1. Oil bearings [with 5/30W], fully refit windage and sump.
2. Support engine from underside.
3. Remove engine mount (again)
4. Insert timing pin rotate crank CW to gently touch pin in the TDC position.
5. Lock crank at flywheel with [starter hole] tool. Then remove pin!
6. Check Cam shaft timing with timing bar across cam timing lobes.
7. Slip on free floating crank timing sprocket.
8. Slip new belt loosely over sprocket, [noting direction].
9. Fit lower belt cover.
10. Slip free floating pulley on to crank and 'drive home' with an old bolt - so that it is fully seated BUT NOT yet TORQUED!
11. Torque crankshaft bolt through stage one and two respectively; allowing the free floating pulley and timing sprocket to rotate at will [the crank is still held in position through the starter hole flywheel locking tool @ TDC].
12. Re-check cam timing with bar and lobe positions.
13. Hold each cam steady with 21mm spanner [across machined flats just behind 'P1']. Whilst holding, loosen each [free floating cam sprocket] bolt a little to allow cam sprocket rotation.
14. Slip new belt over cam sprockets and rotate till teeth engage.
15. Pull belt up to engage crank sprocket teeth ensuring that the slack is on the tensioner side.
16. Re-check both cam timing positions with bar.

Note: my tensioner is the FIXED ROLLER type [i.e. NOT eccentric].

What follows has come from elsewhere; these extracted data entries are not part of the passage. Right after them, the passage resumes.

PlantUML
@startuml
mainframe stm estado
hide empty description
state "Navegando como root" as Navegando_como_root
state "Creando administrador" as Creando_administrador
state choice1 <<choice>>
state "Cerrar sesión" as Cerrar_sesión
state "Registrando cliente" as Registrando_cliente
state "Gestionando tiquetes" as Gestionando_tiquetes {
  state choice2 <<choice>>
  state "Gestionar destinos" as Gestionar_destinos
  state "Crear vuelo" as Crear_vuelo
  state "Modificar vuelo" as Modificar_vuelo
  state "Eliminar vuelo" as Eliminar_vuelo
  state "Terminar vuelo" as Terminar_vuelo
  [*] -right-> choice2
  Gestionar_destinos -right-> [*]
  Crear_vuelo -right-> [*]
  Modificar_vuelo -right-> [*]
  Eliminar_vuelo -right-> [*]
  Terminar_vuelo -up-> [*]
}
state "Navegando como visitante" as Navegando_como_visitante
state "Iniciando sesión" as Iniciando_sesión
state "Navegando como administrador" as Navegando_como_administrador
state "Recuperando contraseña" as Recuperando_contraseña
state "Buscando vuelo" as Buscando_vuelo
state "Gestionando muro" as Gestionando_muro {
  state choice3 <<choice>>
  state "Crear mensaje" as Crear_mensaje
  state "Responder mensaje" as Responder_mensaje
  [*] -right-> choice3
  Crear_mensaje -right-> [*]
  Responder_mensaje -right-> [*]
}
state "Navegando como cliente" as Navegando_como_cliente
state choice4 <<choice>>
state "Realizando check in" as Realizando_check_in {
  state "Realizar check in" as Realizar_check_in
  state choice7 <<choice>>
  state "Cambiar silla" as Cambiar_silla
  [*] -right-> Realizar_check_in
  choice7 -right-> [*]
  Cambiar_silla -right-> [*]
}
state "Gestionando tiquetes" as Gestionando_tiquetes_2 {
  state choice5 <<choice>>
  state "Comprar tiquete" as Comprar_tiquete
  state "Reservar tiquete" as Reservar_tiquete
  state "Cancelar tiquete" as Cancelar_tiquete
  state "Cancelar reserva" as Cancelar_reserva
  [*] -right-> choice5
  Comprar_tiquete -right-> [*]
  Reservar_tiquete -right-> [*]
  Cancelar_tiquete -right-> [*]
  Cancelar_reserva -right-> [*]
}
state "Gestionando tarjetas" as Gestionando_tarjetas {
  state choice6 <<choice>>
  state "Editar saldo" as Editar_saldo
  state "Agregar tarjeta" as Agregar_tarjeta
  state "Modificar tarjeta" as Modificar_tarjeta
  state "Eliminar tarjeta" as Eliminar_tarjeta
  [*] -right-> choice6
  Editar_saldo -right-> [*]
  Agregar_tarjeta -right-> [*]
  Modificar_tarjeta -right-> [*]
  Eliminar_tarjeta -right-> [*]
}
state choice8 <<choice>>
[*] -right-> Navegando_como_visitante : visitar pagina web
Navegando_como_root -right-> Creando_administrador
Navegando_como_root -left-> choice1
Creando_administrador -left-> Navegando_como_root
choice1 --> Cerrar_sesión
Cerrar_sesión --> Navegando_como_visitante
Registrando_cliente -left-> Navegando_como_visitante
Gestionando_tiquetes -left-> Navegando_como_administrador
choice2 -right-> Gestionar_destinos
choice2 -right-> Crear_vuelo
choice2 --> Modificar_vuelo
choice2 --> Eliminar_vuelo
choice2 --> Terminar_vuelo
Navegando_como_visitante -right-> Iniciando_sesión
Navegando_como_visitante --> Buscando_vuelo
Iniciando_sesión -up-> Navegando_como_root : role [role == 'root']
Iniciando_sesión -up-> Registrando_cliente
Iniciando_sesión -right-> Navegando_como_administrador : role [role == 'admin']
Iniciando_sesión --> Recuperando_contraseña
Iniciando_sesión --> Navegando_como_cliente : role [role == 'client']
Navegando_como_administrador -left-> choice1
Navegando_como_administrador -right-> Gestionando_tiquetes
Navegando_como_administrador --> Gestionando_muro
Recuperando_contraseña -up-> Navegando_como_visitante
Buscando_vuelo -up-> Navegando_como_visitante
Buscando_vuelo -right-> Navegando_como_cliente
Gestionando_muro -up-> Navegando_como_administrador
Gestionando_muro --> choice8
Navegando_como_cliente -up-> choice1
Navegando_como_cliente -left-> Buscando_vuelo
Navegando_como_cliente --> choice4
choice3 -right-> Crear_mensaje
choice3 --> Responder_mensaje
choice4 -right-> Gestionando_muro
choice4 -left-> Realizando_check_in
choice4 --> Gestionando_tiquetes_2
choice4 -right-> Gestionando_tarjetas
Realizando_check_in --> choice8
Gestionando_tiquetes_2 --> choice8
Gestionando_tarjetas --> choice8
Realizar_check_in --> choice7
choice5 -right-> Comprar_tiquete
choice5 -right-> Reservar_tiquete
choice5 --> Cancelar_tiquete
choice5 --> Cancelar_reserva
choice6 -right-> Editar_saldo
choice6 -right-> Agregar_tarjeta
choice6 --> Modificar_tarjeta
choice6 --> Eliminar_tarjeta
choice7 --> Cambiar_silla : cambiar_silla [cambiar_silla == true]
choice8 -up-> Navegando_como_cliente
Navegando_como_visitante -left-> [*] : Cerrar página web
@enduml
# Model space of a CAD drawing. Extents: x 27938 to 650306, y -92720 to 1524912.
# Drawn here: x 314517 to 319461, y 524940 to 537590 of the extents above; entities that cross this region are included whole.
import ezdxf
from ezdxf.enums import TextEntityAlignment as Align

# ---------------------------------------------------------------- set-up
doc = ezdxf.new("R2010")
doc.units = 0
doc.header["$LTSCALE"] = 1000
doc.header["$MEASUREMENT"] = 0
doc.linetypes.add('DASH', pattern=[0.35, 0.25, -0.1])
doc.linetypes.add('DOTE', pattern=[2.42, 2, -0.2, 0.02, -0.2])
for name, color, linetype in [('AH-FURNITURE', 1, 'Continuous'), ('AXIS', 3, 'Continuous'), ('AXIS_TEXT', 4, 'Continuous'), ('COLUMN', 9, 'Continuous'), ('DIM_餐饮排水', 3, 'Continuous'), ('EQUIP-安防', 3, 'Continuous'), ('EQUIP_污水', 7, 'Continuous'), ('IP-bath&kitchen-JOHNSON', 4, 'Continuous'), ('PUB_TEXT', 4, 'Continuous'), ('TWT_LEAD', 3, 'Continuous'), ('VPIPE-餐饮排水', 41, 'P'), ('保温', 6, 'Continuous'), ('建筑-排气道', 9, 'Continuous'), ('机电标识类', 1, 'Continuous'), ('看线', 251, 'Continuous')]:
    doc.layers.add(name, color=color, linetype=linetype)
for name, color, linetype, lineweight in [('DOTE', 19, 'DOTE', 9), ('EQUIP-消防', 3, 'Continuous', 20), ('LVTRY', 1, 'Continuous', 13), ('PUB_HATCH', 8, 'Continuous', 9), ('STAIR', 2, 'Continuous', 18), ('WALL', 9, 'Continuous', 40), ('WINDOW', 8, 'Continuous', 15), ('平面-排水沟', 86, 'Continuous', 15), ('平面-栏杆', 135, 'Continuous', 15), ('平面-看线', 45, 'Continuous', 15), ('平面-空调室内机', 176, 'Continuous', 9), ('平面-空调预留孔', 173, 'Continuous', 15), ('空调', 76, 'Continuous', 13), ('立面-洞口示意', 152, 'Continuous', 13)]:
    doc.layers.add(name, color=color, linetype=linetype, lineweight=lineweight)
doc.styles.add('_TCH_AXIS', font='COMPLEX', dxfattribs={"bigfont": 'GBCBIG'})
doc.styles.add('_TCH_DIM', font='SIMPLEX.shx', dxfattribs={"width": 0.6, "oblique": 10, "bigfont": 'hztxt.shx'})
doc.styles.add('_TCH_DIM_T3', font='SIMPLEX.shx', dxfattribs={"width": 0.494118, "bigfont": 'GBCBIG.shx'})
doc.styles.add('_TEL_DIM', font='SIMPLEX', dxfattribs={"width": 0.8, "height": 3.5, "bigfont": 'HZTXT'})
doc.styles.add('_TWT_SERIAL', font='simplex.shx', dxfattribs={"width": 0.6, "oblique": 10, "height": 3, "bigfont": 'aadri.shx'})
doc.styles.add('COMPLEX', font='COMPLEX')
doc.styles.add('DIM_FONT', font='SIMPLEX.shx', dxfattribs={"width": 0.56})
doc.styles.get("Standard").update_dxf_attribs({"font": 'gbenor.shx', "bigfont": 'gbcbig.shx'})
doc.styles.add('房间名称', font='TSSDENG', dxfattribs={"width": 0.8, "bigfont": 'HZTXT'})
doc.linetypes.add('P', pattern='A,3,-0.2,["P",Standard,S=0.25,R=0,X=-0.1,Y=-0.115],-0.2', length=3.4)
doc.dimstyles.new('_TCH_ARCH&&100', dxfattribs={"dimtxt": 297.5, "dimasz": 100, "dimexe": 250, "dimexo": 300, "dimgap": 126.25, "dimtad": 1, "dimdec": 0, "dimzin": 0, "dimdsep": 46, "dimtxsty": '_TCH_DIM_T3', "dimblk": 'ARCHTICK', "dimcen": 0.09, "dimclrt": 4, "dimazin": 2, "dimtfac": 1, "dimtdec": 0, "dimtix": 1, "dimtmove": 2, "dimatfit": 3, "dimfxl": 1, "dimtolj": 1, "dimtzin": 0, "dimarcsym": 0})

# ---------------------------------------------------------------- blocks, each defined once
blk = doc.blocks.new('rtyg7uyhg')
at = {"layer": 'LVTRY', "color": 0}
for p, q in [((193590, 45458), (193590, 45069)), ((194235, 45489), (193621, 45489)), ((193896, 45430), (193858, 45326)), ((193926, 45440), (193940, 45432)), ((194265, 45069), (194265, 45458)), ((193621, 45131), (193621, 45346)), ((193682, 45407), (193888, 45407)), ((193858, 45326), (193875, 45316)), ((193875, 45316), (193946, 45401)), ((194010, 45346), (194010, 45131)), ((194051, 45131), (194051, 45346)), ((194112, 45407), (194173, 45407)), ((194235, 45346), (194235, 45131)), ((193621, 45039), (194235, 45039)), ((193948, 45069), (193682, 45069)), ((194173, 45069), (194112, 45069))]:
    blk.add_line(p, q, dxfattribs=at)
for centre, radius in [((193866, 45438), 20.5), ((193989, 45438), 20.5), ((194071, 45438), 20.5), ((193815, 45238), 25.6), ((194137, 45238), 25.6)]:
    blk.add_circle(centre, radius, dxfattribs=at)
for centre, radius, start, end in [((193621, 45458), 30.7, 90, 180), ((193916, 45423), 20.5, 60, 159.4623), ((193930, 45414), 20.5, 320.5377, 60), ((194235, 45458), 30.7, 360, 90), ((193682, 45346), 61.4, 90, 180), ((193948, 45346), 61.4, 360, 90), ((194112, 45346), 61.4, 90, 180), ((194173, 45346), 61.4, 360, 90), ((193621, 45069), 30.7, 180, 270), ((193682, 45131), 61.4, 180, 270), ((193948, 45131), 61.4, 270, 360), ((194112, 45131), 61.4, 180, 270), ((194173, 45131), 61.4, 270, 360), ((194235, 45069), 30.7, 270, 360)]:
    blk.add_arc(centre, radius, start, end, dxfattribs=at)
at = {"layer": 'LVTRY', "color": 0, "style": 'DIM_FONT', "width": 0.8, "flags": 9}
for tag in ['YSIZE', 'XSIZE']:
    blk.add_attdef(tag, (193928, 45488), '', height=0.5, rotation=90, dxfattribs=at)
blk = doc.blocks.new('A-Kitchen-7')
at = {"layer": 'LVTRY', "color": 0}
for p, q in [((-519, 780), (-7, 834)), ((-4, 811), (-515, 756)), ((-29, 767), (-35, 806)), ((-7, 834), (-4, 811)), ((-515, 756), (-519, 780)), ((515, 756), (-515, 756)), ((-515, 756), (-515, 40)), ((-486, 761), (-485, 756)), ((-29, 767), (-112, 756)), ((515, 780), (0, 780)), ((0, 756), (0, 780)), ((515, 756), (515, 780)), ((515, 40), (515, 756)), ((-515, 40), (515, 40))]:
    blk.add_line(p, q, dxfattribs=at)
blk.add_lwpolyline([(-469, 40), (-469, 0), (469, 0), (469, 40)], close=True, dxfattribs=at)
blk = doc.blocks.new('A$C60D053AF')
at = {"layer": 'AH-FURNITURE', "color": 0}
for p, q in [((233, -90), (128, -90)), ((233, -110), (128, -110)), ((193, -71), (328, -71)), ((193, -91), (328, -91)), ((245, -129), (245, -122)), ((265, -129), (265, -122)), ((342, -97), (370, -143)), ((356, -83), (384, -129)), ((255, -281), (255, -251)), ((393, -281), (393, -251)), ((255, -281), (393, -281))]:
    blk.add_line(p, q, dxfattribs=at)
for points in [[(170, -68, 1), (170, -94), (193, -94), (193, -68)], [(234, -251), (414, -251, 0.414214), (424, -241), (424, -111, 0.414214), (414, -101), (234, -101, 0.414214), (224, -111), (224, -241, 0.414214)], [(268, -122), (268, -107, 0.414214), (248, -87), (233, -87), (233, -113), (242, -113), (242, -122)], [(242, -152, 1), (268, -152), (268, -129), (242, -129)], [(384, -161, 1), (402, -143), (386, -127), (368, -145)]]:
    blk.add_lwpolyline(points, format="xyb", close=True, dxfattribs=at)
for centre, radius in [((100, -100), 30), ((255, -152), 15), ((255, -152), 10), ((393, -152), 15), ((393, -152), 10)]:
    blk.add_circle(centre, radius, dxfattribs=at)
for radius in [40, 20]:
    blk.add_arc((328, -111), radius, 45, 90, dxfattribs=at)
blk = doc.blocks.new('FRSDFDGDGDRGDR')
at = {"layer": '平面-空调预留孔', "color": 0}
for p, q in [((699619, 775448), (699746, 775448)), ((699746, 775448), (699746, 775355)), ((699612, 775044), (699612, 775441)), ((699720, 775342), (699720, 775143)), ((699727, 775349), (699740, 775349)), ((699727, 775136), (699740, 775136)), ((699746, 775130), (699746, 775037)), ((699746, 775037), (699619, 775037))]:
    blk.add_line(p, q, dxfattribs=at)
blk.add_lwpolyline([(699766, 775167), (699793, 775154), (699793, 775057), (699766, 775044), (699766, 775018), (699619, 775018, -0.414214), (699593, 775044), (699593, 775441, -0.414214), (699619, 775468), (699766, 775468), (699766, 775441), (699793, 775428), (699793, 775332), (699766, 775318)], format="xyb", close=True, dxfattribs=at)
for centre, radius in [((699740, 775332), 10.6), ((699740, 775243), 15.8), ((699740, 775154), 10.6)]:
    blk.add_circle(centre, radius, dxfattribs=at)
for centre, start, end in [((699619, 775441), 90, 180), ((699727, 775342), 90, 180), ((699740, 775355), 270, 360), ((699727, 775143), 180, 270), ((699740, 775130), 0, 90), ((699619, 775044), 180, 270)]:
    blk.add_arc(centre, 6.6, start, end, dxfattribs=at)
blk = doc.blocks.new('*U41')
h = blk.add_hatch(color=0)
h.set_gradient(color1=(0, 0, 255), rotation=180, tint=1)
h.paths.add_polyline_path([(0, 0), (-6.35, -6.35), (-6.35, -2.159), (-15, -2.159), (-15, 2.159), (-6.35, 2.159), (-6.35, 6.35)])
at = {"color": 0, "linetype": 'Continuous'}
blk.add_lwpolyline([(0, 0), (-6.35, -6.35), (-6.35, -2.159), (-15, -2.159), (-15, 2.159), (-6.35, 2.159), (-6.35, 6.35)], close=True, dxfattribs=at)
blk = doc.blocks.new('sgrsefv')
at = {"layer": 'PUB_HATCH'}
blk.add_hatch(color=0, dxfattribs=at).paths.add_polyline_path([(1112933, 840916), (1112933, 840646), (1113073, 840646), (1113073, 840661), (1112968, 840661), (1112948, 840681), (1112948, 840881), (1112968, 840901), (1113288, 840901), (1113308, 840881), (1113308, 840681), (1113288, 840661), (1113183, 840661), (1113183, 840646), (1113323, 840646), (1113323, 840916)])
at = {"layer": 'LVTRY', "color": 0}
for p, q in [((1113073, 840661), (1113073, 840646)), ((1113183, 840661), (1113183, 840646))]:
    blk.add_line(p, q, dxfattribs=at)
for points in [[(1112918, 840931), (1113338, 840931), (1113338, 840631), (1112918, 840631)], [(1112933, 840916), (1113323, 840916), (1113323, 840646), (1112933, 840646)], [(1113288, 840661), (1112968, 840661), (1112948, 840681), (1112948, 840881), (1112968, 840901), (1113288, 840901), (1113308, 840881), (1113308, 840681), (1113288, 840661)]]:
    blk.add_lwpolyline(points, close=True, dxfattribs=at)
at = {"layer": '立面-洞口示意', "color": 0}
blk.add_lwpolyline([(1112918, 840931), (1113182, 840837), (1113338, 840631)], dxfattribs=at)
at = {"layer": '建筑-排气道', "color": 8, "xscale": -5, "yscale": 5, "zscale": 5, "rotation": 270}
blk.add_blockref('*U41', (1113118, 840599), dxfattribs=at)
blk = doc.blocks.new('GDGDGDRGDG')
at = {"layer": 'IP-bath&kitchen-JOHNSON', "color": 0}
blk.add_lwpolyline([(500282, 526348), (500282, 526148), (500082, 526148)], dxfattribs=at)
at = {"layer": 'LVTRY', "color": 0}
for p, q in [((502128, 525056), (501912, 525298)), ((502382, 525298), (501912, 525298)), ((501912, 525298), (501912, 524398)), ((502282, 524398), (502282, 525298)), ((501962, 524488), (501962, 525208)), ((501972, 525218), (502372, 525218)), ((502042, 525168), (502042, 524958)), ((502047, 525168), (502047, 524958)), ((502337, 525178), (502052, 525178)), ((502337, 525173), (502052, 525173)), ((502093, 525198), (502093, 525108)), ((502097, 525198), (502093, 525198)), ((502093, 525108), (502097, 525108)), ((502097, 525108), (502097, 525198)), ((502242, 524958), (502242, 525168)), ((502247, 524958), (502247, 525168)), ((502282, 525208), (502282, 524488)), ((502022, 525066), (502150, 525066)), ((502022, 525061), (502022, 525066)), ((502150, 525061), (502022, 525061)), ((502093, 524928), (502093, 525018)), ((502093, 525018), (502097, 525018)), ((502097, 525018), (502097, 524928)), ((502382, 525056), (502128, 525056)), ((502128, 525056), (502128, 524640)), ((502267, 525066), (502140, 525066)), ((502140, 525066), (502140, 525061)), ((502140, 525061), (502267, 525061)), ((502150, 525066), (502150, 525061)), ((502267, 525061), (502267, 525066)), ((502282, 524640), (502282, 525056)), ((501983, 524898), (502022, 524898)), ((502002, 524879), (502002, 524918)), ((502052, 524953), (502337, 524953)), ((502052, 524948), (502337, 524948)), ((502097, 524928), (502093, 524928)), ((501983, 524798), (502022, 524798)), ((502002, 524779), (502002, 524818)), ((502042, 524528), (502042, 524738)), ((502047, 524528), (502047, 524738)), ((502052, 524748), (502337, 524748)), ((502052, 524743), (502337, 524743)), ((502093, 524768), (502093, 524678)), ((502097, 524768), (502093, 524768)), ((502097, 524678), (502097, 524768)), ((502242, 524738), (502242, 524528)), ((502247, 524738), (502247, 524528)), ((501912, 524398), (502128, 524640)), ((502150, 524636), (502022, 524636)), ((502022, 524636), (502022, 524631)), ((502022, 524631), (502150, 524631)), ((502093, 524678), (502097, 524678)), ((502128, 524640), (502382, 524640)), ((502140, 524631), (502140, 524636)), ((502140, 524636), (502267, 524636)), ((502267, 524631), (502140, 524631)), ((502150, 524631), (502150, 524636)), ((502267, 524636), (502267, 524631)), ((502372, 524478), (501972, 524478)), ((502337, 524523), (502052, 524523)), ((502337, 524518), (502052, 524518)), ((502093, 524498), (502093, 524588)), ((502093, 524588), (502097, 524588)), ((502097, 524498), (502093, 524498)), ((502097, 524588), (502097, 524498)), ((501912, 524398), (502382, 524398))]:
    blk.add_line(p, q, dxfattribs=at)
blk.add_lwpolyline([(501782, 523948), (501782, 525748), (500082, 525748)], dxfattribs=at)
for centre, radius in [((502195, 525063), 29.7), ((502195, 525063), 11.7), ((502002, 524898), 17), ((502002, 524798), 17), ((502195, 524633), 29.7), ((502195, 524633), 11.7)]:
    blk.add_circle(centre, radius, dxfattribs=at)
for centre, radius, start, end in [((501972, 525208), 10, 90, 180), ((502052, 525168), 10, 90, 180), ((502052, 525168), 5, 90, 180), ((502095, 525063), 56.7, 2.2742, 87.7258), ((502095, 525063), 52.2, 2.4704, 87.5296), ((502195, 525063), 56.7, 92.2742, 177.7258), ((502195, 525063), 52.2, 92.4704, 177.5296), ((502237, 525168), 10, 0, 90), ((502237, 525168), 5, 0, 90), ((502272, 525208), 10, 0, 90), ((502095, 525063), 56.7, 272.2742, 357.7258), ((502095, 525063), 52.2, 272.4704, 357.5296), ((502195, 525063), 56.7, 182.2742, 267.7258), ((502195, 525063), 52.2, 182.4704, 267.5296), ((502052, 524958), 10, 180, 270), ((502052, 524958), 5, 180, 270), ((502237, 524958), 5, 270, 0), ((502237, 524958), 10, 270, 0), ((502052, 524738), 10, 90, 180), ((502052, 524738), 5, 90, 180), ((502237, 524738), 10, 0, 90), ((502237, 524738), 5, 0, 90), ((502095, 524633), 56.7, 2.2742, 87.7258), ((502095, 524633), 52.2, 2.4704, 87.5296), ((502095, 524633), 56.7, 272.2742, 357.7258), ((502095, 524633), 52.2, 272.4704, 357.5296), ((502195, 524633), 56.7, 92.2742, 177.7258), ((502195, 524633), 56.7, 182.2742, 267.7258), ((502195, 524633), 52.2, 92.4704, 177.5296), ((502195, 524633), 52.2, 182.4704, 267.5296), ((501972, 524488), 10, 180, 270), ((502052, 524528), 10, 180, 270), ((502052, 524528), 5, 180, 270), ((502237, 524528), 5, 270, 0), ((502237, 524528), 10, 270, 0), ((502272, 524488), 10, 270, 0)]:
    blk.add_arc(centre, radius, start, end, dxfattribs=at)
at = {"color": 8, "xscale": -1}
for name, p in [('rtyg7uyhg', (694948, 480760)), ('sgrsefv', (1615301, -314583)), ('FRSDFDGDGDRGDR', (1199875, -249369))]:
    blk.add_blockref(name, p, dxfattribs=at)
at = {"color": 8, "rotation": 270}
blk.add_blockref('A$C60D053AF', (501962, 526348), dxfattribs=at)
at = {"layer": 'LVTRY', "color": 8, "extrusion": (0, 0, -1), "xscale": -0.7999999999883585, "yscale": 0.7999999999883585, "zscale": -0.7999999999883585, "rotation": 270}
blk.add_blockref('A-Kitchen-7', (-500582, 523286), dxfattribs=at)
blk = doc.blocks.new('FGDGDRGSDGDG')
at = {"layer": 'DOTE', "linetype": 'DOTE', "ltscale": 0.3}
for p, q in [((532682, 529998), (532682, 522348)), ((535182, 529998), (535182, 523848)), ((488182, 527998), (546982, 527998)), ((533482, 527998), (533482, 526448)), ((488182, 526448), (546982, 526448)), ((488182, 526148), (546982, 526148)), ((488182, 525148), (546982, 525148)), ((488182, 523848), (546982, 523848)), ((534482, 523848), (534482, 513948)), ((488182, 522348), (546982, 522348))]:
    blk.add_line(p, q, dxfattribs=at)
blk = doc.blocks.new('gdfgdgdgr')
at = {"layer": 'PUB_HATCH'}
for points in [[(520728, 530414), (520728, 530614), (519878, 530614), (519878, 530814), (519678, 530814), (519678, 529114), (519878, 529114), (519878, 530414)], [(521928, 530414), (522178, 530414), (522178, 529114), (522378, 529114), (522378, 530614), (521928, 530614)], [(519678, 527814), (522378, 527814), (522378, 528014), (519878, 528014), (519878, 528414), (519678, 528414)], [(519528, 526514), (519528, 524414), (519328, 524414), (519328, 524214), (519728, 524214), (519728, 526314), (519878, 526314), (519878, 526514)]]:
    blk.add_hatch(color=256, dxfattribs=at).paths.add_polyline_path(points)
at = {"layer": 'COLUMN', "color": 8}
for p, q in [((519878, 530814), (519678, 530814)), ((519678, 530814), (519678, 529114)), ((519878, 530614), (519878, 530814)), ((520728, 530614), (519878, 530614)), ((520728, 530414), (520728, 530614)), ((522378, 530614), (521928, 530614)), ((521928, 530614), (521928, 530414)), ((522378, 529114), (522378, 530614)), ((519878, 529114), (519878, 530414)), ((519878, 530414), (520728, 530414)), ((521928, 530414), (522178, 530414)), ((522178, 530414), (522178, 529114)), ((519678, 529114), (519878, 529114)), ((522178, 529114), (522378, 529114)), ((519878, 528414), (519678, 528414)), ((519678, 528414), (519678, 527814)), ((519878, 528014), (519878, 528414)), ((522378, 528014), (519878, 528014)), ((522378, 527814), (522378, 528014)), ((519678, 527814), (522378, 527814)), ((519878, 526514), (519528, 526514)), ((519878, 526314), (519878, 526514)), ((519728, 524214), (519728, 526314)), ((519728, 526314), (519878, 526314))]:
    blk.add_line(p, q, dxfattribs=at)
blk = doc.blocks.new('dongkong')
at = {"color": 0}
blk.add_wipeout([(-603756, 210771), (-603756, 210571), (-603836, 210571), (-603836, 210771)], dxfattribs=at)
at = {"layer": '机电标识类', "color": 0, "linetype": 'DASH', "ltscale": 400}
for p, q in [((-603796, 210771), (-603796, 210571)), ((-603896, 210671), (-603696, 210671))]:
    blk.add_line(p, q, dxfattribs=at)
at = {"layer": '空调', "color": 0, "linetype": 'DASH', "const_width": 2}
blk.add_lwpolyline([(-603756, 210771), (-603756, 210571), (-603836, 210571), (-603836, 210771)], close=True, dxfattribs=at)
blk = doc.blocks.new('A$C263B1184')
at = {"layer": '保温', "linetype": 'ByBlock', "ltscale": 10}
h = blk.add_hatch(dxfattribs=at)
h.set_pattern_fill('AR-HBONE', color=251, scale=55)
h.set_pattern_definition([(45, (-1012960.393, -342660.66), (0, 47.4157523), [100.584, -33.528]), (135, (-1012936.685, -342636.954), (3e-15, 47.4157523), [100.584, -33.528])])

17. Use 8mm allen key to turn the tensioner CW to tension the timing belt until "it's pointer" is between the two marks behind the tensioner roller, then tighten the two retaining bolts to the specified [ford] torque setting.
18. Re-check both cam timing positions with bar.
19. Lock cam sprockets [with 'SOMETHING'?] and re-tighten cam sprocket bolts to the specified [ford] torque setting.
20. Re-check both cam timing positions with bar.
21. Remove ALL locking tools, spanners etc.
22. Rotate crankshaft through three complete revolutions [cycles], ensuring that the valves are not fouling the pistons!!
23. Replace crank timing hole 'PLUG' [bolt].
24. Rebuild remainder of engine and auxiliaries that were removed for the belt replacement procedure.

Any good??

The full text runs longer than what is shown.